• WHAT THE TASK REQUIRES: Starting at the top of the entries below, set down every line exactly, please, until you reach the line with "#38=CARTESIAN_POINT('',(-50.,13.,2.));", which is included too.

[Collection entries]

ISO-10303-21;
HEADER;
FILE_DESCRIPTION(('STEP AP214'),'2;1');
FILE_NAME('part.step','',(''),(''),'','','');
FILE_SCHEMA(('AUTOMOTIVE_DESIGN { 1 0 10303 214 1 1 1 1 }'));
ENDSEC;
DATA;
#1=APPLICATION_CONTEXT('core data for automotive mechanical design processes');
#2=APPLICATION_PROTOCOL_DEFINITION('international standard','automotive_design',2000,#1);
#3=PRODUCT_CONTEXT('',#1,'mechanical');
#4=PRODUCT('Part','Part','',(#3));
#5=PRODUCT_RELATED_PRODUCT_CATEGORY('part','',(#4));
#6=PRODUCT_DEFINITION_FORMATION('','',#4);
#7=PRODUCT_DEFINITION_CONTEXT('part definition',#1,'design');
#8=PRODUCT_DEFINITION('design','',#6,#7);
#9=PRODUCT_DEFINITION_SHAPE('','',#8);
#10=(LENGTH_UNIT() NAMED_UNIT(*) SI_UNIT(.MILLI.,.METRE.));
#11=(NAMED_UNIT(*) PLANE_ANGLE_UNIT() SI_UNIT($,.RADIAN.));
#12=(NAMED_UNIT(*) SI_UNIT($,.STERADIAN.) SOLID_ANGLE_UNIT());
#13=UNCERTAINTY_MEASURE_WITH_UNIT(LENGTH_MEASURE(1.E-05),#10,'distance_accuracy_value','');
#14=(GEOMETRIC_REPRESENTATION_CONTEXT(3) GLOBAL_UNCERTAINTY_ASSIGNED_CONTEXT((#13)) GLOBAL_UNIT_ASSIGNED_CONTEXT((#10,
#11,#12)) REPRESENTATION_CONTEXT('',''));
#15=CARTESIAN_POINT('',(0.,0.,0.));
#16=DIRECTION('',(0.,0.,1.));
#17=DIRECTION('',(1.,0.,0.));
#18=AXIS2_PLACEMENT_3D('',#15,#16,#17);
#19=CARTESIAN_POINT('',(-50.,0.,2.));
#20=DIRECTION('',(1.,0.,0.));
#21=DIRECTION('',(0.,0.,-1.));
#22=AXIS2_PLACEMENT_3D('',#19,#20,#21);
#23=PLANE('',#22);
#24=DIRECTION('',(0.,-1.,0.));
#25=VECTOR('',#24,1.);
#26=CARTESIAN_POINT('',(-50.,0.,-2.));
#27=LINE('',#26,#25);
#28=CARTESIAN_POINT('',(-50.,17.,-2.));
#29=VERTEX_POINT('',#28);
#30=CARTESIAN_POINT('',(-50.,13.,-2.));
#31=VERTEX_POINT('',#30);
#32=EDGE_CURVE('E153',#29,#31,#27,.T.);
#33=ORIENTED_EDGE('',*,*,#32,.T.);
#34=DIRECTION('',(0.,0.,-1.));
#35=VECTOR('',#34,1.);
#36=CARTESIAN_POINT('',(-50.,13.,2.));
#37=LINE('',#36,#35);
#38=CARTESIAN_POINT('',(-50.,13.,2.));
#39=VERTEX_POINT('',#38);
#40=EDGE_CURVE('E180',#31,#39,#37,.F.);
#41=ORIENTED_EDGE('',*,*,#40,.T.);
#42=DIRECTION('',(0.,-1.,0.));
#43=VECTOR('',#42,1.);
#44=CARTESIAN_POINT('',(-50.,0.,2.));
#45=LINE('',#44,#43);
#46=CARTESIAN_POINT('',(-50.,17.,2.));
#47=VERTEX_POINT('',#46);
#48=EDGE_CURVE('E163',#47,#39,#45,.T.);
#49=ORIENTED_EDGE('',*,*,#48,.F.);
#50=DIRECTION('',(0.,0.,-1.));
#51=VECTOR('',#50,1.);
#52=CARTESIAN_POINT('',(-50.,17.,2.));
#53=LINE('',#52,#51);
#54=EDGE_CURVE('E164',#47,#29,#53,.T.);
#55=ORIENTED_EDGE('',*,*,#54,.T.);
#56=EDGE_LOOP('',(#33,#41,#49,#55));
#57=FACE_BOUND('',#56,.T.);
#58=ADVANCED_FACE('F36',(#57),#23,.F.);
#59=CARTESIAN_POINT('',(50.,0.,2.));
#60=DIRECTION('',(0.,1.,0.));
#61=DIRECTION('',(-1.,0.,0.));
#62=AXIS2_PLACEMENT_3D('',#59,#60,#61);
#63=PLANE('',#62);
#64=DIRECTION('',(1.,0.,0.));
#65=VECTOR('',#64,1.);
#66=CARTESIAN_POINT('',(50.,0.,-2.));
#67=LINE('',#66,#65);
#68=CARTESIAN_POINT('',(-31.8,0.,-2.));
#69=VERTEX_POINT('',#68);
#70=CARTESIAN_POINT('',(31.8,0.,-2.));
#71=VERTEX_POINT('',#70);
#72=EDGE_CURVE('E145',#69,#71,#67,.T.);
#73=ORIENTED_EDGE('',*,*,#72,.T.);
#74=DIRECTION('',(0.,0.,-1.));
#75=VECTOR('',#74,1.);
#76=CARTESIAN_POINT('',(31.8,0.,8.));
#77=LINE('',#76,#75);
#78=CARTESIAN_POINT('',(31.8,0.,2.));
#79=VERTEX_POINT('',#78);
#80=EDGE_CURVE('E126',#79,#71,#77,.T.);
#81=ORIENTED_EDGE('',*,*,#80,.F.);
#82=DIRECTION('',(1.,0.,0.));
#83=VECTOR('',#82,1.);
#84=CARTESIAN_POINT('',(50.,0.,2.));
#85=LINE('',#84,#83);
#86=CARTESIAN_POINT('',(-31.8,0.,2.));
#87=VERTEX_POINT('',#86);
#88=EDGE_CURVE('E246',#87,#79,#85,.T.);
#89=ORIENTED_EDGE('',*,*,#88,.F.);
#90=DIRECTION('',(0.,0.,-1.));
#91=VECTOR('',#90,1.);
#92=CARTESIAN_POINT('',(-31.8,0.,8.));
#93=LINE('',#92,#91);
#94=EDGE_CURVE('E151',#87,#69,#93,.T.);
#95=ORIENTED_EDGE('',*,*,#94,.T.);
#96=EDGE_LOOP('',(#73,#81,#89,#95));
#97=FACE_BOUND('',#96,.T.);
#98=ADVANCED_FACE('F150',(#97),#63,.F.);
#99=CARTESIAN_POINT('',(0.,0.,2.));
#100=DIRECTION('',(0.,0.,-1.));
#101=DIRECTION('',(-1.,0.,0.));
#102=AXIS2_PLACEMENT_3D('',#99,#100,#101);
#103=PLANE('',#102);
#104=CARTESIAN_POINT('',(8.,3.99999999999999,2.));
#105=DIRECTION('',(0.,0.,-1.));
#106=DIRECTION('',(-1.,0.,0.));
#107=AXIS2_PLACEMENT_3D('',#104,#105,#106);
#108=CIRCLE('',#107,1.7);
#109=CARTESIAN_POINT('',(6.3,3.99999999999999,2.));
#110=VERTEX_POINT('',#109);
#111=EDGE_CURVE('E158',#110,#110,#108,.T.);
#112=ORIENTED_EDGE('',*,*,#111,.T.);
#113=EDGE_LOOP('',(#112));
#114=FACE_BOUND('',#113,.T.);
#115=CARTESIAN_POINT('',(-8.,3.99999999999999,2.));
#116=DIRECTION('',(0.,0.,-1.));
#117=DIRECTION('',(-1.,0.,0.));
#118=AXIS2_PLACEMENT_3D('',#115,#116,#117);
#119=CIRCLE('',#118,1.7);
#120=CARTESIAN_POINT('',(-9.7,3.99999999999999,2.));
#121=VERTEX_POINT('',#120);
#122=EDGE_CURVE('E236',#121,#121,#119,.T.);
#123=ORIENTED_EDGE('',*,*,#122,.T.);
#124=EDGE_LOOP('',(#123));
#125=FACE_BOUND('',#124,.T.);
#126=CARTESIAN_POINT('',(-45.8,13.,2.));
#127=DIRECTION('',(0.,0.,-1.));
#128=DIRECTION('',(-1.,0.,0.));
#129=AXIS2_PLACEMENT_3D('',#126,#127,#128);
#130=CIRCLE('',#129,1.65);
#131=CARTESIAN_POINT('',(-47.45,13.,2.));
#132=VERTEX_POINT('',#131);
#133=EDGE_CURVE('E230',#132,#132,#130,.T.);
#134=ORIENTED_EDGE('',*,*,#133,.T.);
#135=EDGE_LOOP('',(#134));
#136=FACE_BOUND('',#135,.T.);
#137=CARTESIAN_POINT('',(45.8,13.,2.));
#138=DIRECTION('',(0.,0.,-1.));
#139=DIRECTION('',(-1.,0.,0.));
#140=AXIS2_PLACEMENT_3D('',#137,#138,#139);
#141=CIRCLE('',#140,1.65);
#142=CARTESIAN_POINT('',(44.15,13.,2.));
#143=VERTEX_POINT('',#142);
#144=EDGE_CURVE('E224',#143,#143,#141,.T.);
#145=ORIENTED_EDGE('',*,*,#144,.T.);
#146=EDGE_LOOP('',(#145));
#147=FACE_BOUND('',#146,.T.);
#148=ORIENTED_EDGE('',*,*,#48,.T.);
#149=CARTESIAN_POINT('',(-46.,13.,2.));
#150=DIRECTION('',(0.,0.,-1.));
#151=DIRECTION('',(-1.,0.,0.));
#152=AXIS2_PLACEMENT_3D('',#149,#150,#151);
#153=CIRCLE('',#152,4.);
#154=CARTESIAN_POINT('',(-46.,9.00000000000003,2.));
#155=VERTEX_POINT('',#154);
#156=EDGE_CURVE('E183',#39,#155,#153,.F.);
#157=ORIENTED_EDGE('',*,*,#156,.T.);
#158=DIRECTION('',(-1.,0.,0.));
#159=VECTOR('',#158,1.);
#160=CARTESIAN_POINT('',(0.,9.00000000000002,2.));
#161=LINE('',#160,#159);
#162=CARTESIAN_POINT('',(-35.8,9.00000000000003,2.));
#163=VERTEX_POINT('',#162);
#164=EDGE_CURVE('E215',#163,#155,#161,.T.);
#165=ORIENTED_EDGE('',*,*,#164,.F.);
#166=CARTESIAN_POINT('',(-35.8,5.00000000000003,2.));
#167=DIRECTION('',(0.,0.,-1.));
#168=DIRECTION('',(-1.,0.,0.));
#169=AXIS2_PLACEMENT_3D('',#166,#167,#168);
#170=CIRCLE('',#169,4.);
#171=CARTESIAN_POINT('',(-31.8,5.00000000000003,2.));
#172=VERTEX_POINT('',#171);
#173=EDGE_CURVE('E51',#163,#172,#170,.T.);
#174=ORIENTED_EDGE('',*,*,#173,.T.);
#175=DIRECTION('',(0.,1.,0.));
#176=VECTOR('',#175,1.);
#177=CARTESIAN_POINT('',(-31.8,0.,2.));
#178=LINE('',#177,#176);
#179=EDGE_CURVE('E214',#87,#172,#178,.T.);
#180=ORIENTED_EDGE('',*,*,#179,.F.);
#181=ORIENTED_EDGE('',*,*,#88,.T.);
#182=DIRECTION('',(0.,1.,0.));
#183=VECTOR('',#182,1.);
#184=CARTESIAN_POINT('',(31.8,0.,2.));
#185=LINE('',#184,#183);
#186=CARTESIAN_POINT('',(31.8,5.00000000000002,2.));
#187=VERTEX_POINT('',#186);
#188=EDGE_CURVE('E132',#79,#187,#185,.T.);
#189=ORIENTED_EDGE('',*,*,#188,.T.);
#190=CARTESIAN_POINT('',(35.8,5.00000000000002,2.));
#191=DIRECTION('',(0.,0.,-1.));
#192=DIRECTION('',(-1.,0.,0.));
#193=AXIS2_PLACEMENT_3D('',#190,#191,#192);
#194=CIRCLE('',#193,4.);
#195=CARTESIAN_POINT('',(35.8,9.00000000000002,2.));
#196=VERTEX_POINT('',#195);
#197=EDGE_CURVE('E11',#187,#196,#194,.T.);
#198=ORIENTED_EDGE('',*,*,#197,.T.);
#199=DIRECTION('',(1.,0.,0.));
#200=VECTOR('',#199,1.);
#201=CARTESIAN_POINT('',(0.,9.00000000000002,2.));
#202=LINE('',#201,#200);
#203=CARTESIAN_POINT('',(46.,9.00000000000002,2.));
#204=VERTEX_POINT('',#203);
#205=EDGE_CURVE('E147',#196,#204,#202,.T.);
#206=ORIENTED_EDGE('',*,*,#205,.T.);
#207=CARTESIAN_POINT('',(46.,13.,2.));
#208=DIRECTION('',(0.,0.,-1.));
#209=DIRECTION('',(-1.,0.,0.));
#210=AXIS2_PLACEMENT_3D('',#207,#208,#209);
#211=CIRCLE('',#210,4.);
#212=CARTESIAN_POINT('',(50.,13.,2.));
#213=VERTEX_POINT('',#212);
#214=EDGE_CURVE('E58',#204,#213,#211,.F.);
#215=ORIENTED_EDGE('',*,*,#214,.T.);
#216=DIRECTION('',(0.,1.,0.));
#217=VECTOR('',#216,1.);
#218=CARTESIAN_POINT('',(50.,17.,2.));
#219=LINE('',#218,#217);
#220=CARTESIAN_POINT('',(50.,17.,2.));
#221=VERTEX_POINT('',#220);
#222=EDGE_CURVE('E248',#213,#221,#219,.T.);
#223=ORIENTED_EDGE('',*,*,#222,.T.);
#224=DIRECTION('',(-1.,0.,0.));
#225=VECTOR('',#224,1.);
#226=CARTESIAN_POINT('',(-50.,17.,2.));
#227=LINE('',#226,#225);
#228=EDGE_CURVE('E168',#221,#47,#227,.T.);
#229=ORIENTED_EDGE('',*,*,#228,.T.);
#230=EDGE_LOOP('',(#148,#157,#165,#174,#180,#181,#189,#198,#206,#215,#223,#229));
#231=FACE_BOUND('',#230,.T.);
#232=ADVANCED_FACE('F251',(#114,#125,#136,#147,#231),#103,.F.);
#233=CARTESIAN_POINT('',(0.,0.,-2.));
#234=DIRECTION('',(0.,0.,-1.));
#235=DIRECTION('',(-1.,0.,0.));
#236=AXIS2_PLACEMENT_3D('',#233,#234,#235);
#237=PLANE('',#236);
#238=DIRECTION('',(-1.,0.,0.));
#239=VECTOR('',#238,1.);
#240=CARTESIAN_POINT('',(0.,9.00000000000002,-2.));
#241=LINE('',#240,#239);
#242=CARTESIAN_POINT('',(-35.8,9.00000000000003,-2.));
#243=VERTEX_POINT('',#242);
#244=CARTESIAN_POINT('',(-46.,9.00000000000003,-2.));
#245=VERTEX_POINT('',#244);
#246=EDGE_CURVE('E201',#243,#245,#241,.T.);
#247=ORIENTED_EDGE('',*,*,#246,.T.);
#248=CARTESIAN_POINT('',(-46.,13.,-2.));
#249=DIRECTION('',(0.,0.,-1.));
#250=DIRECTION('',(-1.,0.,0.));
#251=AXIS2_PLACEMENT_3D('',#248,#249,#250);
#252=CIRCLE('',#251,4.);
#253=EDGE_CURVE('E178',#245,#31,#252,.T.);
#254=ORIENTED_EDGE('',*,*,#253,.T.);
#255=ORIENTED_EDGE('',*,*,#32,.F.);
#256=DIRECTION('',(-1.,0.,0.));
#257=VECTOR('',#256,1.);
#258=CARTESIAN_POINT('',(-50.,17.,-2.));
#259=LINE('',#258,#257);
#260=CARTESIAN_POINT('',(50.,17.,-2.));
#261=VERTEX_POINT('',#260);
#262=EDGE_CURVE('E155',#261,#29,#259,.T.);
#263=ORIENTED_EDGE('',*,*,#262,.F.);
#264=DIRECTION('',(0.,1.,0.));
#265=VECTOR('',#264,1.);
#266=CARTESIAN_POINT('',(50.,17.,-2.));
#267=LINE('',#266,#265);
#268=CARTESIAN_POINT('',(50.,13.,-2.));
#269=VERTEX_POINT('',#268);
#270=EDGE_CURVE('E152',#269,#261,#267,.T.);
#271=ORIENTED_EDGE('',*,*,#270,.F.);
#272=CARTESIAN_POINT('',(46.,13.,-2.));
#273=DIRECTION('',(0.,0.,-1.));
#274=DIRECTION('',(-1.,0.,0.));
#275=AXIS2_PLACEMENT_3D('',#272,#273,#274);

• RESPONSE TO THIS TASK:
ISO-10303-21;
HEADER;
FILE_DESCRIPTION(('STEP AP214'),'2;1');
FILE_NAME('part.step','',(''),(''),'','','');
FILE_SCHEMA(('AUTOMOTIVE_DESIGN { 1 0 10303 214 1 1 1 1 }'));
ENDSEC;
DATA;
#1=APPLICATION_CONTEXT('core data for automotive mechanical design processes');
#2=APPLICATION_PROTOCOL_DEFINITION('international standard','automotive_design',2000,#1);
#3=PRODUCT_CONTEXT('',#1,'mechanical');
#4=PRODUCT('Part','Part','',(#3));
#5=PRODUCT_RELATED_PRODUCT_CATEGORY('part','',(#4));
#6=PRODUCT_DEFINITION_FORMATION('','',#4);
#7=PRODUCT_DEFINITION_CONTEXT('part definition',#1,'design');
#8=PRODUCT_DEFINITION('design','',#6,#7);
#9=PRODUCT_DEFINITION_SHAPE('','',#8);
#10=(LENGTH_UNIT() NAMED_UNIT(*) SI_UNIT(.MILLI.,.METRE.));
#11=(NAMED_UNIT(*) PLANE_ANGLE_UNIT() SI_UNIT($,.RADIAN.));
#12=(NAMED_UNIT(*) SI_UNIT($,.STERADIAN.) SOLID_ANGLE_UNIT());
#13=UNCERTAINTY_MEASURE_WITH_UNIT(LENGTH_MEASURE(1.E-05),#10,'distance_accuracy_value','');
#14=(GEOMETRIC_REPRESENTATION_CONTEXT(3) GLOBAL_UNCERTAINTY_ASSIGNED_CONTEXT((#13)) GLOBAL_UNIT_ASSIGNED_CONTEXT((#10,
#11,#12)) REPRESENTATION_CONTEXT('',''));
#15=CARTESIAN_POINT('',(0.,0.,0.));
#16=DIRECTION('',(0.,0.,1.));
#17=DIRECTION('',(1.,0.,0.));
#18=AXIS2_PLACEMENT_3D('',#15,#16,#17);
#19=CARTESIAN_POINT('',(-50.,0.,2.));
#20=DIRECTION('',(1.,0.,0.));
#21=DIRECTION('',(0.,0.,-1.));
#22=AXIS2_PLACEMENT_3D('',#19,#20,#21);
#23=PLANE('',#22);
#24=DIRECTION('',(0.,-1.,0.));
#25=VECTOR('',#24,1.);
#26=CARTESIAN_POINT('',(-50.,0.,-2.));
#27=LINE('',#26,#25);
#28=CARTESIAN_POINT('',(-50.,17.,-2.));
#29=VERTEX_POINT('',#28);
#30=CARTESIAN_POINT('',(-50.,13.,-2.));
#31=VERTEX_POINT('',#30);
#32=EDGE_CURVE('E153',#29,#31,#27,.T.);
#33=ORIENTED_EDGE('',*,*,#32,.T.);
#34=DIRECTION('',(0.,0.,-1.));
#35=VECTOR('',#34,1.);
#36=CARTESIAN_POINT('',(-50.,13.,2.));
#37=LINE('',#36,#35);
#38=CARTESIAN_POINT('',(-50.,13.,2.));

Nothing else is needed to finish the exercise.